In the United Kingdom, this document and any other materials in relation to the Securities described herein is only being distributed to, and is only directed at, and any investment or investment activity to which this document relates is available only to, and will be engaged in only with, “qualified investors” within the meaning of the Prospectus Regulation who are (i) persons having professional experience in matters relating to investments who fall within the definition of “investment professionals” in Article 19(5) of the Financial Services and Markets Act 2000 (Financial Promotion) Order 2005 (as amended) (the “Order”); or (ii) high net worth entities falling within Article 49(2)(a) to (d) of the Order (all such persons together being referred to as “Relevant Persons”). In the United Kingdom, any investment or investment activity to which this communication relates is available only to, and will be engaged in only with, Relevant Persons. Persons who are not Relevant Persons should not take any action on the basis of this press release and should not act or rely on it.

This press release does not identify or suggest, or purport to identify or suggest, the risks (direct or indirect) that may be associated with an investment in the new shares. Any investment decision in connection with the Directed Share Issue must be made on the basis of all publicly available information relating to the Company and the Company’s shares.
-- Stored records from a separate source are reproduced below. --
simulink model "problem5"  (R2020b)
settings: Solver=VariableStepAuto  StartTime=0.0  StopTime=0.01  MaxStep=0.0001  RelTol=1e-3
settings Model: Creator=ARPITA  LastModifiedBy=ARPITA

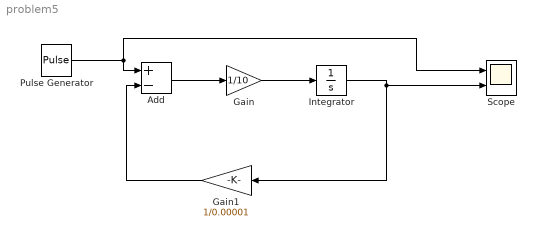
== system problem5 ==
  Add : Sum  Inputs=+-
  Gain : Gain  Gain=1/10
  Gain1 : Gain  Gain=1/0.00001
  Integrator : Integrator  InitialCondition=2
  Pulse Generator : DiscretePulseGenerator  PulseType=Time based  Period=0.01  PulseWidth=2
  Scope : Scope  NumInputPorts=2
  wires:
  Add/1 -> Gain/1
  Gain/1 -> Integrator/1
  Gain1/1 -> Add/2
  Integrator/1 -> Scope/2, Gain1/1
  Pulse Generator/1 -> Add/1, Scope/1

This press release does not constitute an invitation to warrant, subscribe, or otherwise acquire or transfer any Securities in any jurisdiction. This press release does not constitute a recommendation for any investors’ decisions regarding the Directed Share Issue. Each investor or potential investor should conduct a self-examination, analysis and evaluation of the business and information described in this press release and any publicly available information. The price and value of the Securities can decrease as well as increase. Achieved results do not provide guidance for future results. Neither the contents of the Company’s website nor any other website accessible through hyperlinks on the Company’s website are incorporated into or form part of this press release.

This press release may contain forward-looking statements which reflect the Company’s current view on future events and financial and operational development. Words such as “intend”, “expect”, “anticipate”, “may”, “believe”, “plan”, “estimate” and other expressions which imply indications or predictions of future development or trends, and which are not based on historical facts, are intended to identify forward-looking statements. Forward-looking statements inherently involve both known and unknown risks and uncertainties as they depend on future events and circumstances. Forward-looking statements do not guarantee future results or development and the actual outcome could differ materially from the forward-looking statements.